● **Problem details**: Among the lines below, restate word for word only those from the line with "#15=CARTESIAN_POINT('',(0.,0.,0.));" through the line with "#59=FACE_BOUND('',#58,.T.);", with both end lines kept.
Start of Source data
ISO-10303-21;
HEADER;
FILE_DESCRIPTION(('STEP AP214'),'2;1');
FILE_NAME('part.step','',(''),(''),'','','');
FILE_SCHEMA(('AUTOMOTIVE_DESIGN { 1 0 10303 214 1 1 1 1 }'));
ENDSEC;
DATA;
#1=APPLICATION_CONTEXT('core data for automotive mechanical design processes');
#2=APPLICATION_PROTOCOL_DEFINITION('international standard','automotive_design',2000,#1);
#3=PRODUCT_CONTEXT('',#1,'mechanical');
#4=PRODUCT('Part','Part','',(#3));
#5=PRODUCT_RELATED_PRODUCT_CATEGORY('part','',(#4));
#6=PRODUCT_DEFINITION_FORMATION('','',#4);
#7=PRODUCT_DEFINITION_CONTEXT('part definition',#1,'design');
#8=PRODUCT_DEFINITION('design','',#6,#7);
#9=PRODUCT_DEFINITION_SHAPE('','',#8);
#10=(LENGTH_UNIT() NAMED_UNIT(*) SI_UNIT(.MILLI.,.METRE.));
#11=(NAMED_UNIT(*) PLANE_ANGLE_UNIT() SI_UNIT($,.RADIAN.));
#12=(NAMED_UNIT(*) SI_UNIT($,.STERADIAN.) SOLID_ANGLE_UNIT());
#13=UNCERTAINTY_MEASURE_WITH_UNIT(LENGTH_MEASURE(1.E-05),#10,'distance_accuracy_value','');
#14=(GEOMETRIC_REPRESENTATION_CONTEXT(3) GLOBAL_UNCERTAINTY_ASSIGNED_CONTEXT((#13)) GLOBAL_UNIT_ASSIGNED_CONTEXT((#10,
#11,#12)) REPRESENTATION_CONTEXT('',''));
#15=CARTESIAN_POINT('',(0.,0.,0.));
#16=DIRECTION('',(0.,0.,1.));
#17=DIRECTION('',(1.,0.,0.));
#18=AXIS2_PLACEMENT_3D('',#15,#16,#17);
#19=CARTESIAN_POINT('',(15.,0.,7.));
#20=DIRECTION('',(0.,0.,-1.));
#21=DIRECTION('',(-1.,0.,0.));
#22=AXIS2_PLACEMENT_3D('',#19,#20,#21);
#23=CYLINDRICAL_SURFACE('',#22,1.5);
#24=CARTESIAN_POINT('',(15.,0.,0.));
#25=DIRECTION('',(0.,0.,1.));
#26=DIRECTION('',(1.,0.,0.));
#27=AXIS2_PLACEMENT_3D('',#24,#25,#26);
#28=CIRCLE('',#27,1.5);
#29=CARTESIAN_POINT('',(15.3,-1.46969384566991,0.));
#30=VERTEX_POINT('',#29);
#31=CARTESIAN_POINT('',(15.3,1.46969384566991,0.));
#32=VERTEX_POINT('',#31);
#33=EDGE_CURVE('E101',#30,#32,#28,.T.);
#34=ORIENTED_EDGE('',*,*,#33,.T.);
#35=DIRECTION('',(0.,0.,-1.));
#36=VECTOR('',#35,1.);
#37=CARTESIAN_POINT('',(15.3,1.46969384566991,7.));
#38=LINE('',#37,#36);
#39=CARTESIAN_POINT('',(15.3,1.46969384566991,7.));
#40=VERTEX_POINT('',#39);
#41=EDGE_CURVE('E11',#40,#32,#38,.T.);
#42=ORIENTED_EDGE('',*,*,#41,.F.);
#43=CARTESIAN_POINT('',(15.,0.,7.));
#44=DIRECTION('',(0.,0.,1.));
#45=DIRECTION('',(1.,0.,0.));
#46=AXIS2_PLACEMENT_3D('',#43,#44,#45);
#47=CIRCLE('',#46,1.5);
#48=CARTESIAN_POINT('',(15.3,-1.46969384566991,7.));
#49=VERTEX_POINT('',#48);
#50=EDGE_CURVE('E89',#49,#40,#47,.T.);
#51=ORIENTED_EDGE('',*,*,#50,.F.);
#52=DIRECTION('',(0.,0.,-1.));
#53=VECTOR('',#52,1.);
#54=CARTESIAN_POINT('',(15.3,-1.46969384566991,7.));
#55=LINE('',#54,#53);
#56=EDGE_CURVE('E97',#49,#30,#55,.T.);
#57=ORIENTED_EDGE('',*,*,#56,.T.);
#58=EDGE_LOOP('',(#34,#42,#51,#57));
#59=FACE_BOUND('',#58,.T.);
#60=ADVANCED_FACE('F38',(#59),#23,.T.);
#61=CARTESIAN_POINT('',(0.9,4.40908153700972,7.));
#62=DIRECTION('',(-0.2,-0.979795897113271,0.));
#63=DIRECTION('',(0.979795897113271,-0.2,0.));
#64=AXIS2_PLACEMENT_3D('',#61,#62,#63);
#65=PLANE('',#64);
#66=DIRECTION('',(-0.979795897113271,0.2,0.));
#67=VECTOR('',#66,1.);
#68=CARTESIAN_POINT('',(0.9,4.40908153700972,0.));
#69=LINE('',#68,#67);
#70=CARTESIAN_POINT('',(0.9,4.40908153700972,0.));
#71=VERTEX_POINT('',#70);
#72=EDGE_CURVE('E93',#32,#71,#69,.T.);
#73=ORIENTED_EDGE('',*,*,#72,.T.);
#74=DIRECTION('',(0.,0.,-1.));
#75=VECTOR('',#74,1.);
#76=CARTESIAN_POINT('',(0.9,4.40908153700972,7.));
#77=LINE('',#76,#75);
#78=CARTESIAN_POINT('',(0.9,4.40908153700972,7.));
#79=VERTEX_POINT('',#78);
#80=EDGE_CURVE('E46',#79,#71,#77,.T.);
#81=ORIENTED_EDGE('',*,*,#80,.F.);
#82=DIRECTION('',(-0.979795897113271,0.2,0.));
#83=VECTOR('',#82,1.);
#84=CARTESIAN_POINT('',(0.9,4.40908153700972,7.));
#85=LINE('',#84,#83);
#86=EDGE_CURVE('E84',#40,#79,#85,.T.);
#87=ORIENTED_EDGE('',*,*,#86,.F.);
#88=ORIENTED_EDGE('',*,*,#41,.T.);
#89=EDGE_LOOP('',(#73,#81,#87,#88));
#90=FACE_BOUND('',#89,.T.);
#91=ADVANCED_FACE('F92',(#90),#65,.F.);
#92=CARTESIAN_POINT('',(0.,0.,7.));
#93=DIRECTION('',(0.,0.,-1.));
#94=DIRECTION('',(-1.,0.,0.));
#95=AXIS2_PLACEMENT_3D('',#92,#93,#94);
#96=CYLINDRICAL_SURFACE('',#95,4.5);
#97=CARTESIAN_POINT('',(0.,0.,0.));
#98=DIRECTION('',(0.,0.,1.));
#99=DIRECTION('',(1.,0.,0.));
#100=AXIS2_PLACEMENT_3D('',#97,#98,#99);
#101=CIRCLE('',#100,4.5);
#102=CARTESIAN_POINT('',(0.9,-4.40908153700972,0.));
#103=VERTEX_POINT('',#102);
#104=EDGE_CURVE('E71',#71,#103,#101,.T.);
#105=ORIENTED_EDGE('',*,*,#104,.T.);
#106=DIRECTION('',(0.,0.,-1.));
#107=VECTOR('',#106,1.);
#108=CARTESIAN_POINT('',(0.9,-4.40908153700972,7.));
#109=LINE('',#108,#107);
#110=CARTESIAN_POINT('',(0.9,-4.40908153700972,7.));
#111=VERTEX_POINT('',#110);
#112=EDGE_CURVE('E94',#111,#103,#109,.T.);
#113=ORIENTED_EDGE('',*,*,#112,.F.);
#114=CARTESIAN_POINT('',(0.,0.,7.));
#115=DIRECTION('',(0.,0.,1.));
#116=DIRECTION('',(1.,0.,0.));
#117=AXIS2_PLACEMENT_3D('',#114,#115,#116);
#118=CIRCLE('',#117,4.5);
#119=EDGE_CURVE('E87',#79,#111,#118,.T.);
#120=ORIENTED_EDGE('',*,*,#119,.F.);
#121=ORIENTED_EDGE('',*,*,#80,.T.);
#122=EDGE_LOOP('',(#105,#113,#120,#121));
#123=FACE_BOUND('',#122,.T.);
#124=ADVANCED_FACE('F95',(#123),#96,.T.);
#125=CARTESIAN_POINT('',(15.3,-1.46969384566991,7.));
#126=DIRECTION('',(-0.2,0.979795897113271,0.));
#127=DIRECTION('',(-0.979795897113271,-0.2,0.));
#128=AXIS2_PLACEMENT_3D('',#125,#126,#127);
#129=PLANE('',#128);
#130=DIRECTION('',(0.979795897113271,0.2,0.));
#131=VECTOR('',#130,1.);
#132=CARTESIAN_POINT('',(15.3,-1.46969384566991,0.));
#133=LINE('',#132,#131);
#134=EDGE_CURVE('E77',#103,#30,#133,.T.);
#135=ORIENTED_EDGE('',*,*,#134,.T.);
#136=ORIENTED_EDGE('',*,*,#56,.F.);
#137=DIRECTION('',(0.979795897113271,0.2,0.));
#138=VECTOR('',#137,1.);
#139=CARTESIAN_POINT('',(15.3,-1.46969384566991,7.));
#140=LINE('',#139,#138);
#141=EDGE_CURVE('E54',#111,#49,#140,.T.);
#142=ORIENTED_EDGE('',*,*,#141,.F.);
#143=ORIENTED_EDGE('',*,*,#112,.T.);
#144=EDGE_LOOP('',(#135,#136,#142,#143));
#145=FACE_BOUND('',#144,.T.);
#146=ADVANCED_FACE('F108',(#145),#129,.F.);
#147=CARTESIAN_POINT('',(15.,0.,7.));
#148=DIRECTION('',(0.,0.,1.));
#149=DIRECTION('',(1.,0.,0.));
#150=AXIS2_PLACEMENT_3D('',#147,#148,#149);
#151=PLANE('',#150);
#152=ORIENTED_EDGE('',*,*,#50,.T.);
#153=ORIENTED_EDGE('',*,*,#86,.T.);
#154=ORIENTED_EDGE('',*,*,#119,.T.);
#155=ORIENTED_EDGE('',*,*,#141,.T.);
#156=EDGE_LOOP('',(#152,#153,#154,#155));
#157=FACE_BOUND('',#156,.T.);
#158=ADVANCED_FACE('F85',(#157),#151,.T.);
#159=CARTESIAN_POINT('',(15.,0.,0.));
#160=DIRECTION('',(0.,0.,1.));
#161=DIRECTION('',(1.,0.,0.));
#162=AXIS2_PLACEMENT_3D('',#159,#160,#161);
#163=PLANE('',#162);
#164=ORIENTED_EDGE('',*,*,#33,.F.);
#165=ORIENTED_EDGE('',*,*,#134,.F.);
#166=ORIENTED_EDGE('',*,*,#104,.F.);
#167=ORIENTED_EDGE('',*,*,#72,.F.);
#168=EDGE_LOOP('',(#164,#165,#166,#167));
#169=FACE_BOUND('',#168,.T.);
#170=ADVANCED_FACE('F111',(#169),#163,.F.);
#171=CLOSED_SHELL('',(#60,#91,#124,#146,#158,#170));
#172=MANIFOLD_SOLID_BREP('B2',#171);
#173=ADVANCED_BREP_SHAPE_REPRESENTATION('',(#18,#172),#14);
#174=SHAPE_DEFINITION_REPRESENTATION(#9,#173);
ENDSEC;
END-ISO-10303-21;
End of Source data
● **Written solution**:
#15=CARTESIAN_POINT('',(0.,0.,0.));
#16=DIRECTION('',(0.,0.,1.));
#17=DIRECTION('',(1.,0.,0.));
#18=AXIS2_PLACEMENT_3D('',#15,#16,#17);
#19=CARTESIAN_POINT('',(15.,0.,7.));
#20=DIRECTION('',(0.,0.,-1.));
#21=DIRECTION('',(-1.,0.,0.));
#22=AXIS2_PLACEMENT_3D('',#19,#20,#21);
#23=CYLINDRICAL_SURFACE('',#22,1.5);
#24=CARTESIAN_POINT('',(15.,0.,0.));
#25=DIRECTION('',(0.,0.,1.));
#26=DIRECTION('',(1.,0.,0.));
#27=AXIS2_PLACEMENT_3D('',#24,#25,#26);
#28=CIRCLE('',#27,1.5);
#29=CARTESIAN_POINT('',(15.3,-1.46969384566991,0.));
#30=VERTEX_POINT('',#29);
#31=CARTESIAN_POINT('',(15.3,1.46969384566991,0.));
#32=VERTEX_POINT('',#31);
#33=EDGE_CURVE('E101',#30,#32,#28,.T.);
#34=ORIENTED_EDGE('',*,*,#33,.T.);
#35=DIRECTION('',(0.,0.,-1.));
#36=VECTOR('',#35,1.);
#37=CARTESIAN_POINT('',(15.3,1.46969384566991,7.));
#38=LINE('',#37,#36);
#39=CARTESIAN_POINT('',(15.3,1.46969384566991,7.));
#40=VERTEX_POINT('',#39);
#41=EDGE_CURVE('E11',#40,#32,#38,.T.);
#42=ORIENTED_EDGE('',*,*,#41,.F.);
#43=CARTESIAN_POINT('',(15.,0.,7.));
#44=DIRECTION('',(0.,0.,1.));
#45=DIRECTION('',(1.,0.,0.));
#46=AXIS2_PLACEMENT_3D('',#43,#44,#45);
#47=CIRCLE('',#46,1.5);
#48=CARTESIAN_POINT('',(15.3,-1.46969384566991,7.));
#49=VERTEX_POINT('',#48);
#50=EDGE_CURVE('E89',#49,#40,#47,.T.);
#51=ORIENTED_EDGE('',*,*,#50,.F.);
#52=DIRECTION('',(0.,0.,-1.));
#53=VECTOR('',#52,1.);
#54=CARTESIAN_POINT('',(15.3,-1.46969384566991,7.));
#55=LINE('',#54,#53);
#56=EDGE_CURVE('E97',#49,#30,#55,.T.);
#57=ORIENTED_EDGE('',*,*,#56,.T.);
#58=EDGE_LOOP('',(#34,#42,#51,#57));
#59=FACE_BOUND('',#58,.T.);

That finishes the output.